• What is expected: All of the data below should be printed again exactly, pictures excluded.

• Data shown:
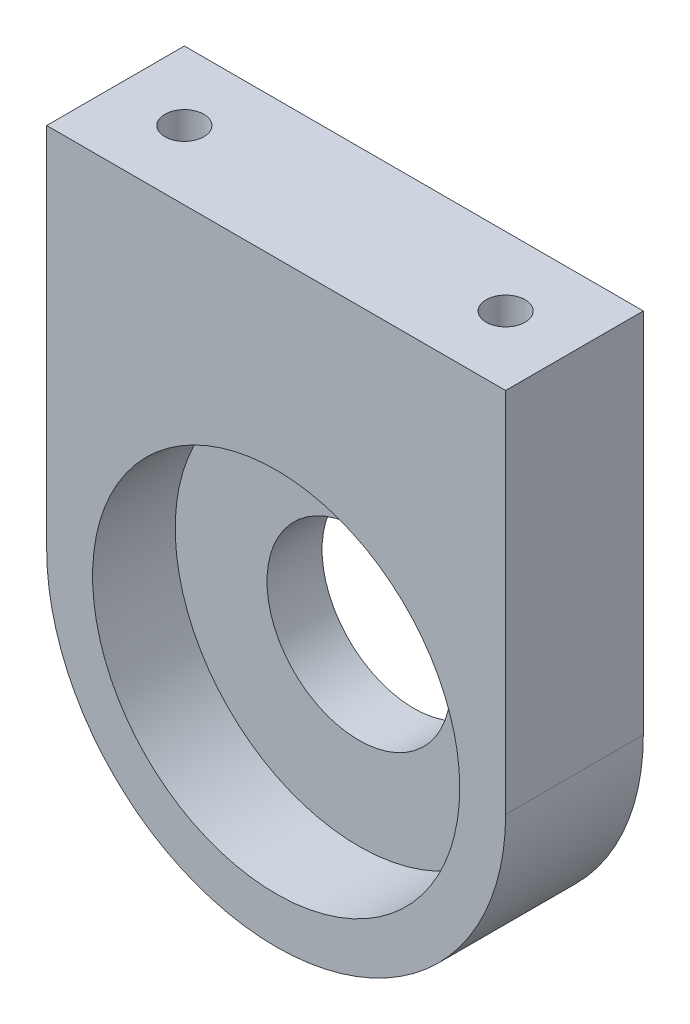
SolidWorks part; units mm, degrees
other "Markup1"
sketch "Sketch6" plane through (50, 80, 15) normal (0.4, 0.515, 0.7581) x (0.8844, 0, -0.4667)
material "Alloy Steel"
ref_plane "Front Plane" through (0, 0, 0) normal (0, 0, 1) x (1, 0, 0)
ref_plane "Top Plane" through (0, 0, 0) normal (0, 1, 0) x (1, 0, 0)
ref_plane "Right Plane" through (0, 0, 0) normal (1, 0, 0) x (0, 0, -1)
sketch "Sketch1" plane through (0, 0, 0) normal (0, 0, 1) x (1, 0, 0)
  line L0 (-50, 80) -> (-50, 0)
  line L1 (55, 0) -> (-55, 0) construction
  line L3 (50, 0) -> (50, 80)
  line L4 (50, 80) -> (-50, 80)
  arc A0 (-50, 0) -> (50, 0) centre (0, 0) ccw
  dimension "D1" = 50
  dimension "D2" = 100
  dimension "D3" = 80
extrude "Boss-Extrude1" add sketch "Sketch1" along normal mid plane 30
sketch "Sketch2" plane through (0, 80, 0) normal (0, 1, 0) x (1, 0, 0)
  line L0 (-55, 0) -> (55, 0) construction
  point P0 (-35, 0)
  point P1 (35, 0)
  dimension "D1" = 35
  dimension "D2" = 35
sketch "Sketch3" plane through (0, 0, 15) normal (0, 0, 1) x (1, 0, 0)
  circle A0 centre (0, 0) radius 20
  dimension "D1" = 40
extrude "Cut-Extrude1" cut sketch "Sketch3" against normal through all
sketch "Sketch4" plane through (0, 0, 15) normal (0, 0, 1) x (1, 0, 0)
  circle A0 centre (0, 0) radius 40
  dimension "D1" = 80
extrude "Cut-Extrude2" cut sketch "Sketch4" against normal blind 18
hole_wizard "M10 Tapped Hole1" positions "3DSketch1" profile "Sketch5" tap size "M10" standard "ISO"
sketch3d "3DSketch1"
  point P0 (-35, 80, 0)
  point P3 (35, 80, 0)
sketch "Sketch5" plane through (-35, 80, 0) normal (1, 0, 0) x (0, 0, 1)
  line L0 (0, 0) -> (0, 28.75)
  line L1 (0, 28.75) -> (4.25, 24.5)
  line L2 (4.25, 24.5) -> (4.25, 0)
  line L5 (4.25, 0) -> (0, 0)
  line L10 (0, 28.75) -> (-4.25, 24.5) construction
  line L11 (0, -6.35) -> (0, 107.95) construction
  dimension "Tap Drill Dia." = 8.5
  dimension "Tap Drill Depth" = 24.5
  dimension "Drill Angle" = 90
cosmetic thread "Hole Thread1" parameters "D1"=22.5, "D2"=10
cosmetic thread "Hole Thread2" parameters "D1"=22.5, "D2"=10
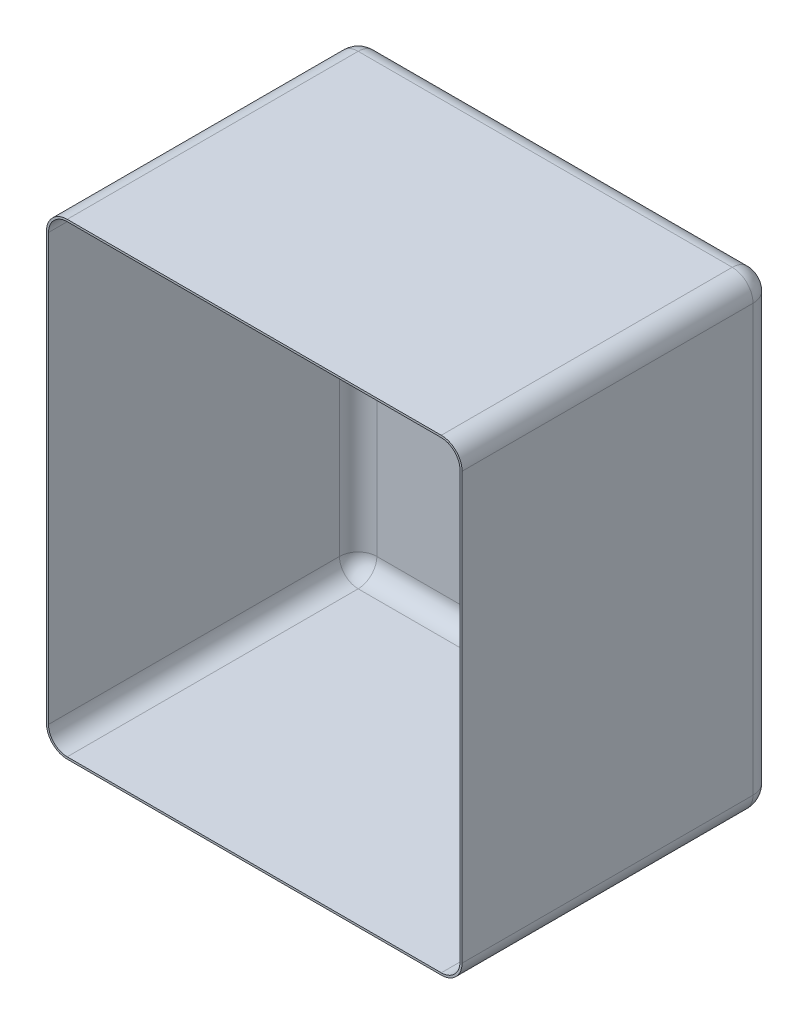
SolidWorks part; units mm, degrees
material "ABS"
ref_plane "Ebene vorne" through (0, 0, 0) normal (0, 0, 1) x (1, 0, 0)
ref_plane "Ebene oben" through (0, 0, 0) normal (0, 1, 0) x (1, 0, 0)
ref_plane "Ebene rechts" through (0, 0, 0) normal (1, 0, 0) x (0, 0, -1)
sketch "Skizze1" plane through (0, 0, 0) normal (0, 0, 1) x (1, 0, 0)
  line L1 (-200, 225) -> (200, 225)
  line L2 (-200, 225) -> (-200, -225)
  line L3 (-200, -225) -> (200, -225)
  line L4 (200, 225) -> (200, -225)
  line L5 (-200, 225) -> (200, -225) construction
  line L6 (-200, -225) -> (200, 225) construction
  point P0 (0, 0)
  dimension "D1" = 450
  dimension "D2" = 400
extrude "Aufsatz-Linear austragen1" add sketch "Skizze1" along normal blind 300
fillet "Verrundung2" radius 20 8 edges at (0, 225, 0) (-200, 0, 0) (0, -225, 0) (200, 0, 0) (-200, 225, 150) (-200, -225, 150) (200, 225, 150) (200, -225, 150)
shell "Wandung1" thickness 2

• Reply:
SolidWorks part; units mm, degrees
other "Markup1"
sketch "Sketch6" plane through (50, 80, 15) normal (0.4, 0.515, 0.7581) x (0.8844, 0, -0.4667)
material "Alloy Steel"
ref_plane "Front Plane" through (0, 0, 0) normal (0, 0, 1) x (1, 0, 0)
ref_plane "Top Plane" through (0, 0, 0) normal (0, 1, 0) x (1, 0, 0)
ref_plane "Right Plane" through (0, 0, 0) normal (1, 0, 0) x (0, 0, -1)
sketch "Sketch1" plane through (0, 0, 0) normal (0, 0, 1) x (1, 0, 0)
  line L0 (-50, 80) -> (-50, 0)
  line L1 (55, 0) -> (-55, 0) construction
  line L3 (50, 0) -> (50, 80)
  line L4 (50, 80) -> (-50, 80)
  arc A0 (-50, 0) -> (50, 0) centre (0, 0) ccw
  dimension "D1" = 50
  dimension "D2" = 100
  dimension "D3" = 80
extrude "Boss-Extrude1" add sketch "Sketch1" along normal mid plane 30
sketch "Sketch2" plane through (0, 80, 0) normal (0, 1, 0) x (1, 0, 0)
  line L0 (-55, 0) -> (55, 0) construction
  point P0 (-35, 0)
  point P1 (35, 0)
  dimension "D1" = 35
  dimension "D2" = 35
sketch "Sketch3" plane through (0, 0, 15) normal (0, 0, 1) x (1, 0, 0)
  circle A0 centre (0, 0) radius 20
  dimension "D1" = 40
extrude "Cut-Extrude1" cut sketch "Sketch3" against normal through all
sketch "Sketch4" plane through (0, 0, 15) normal (0, 0, 1) x (1, 0, 0)
  circle A0 centre (0, 0) radius 40
  dimension "D1" = 80
extrude "Cut-Extrude2" cut sketch "Sketch4" against normal blind 18
hole_wizard "M10 Tapped Hole1" positions "3DSketch1" profile "Sketch5" tap size "M10" standard "ISO"
sketch3d "3DSketch1"
  point P0 (-35, 80, 0)
  point P3 (35, 80, 0)
sketch "Sketch5" plane through (-35, 80, 0) normal (1, 0, 0) x (0, 0, 1)
  line L0 (0, 0) -> (0, 28.75)
  line L1 (0, 28.75) -> (4.25, 24.5)
  line L2 (4.25, 24.5) -> (4.25, 0)
  line L5 (4.25, 0) -> (0, 0)
  line L10 (0, 28.75) -> (-4.25, 24.5) construction
  line L11 (0, -6.35) -> (0, 107.95) construction
  dimension "Tap Drill Dia." = 8.5
  dimension "Tap Drill Depth" = 24.5
  dimension "Drill Angle" = 90
cosmetic thread "Hole Thread1" parameters "D1"=22.5, "D2"=10
cosmetic thread "Hole Thread2" parameters "D1"=22.5, "D2"=10
SolidWorks part; units mm, degrees
material "ABS"
ref_plane "Ebene vorne" through (0, 0, 0) normal (0, 0, 1) x (1, 0, 0)
ref_plane "Ebene oben" through (0, 0, 0) normal (0, 1, 0) x (1, 0, 0)
ref_plane "Ebene rechts" through (0, 0, 0) normal (1, 0, 0) x (0, 0, -1)
sketch "Skizze1" plane through (0, 0, 0) normal (0, 0, 1) x (1, 0, 0)
  line L1 (-200, 225) -> (200, 225)
  line L2 (-200, 225) -> (-200, -225)
  line L3 (-200, -225) -> (200, -225)
  line L4 (200, 225) -> (200, -225)
  line L5 (-200, 225) -> (200, -225) construction
  line L6 (-200, -225) -> (200, 225) construction
  point P0 (0, 0)
  dimension "D1" = 450
  dimension "D2" = 400
extrude "Aufsatz-Linear austragen1" add sketch "Skizze1" along normal blind 300
fillet "Verrundung2" radius 20 8 edges at (0, 225, 0) (-200, 0, 0) (0, -225, 0) (200, 0, 0) (-200, 225, 150) (-200, -225, 150) (200, 225, 150) (200, -225, 150)
shell "Wandung1" thickness 2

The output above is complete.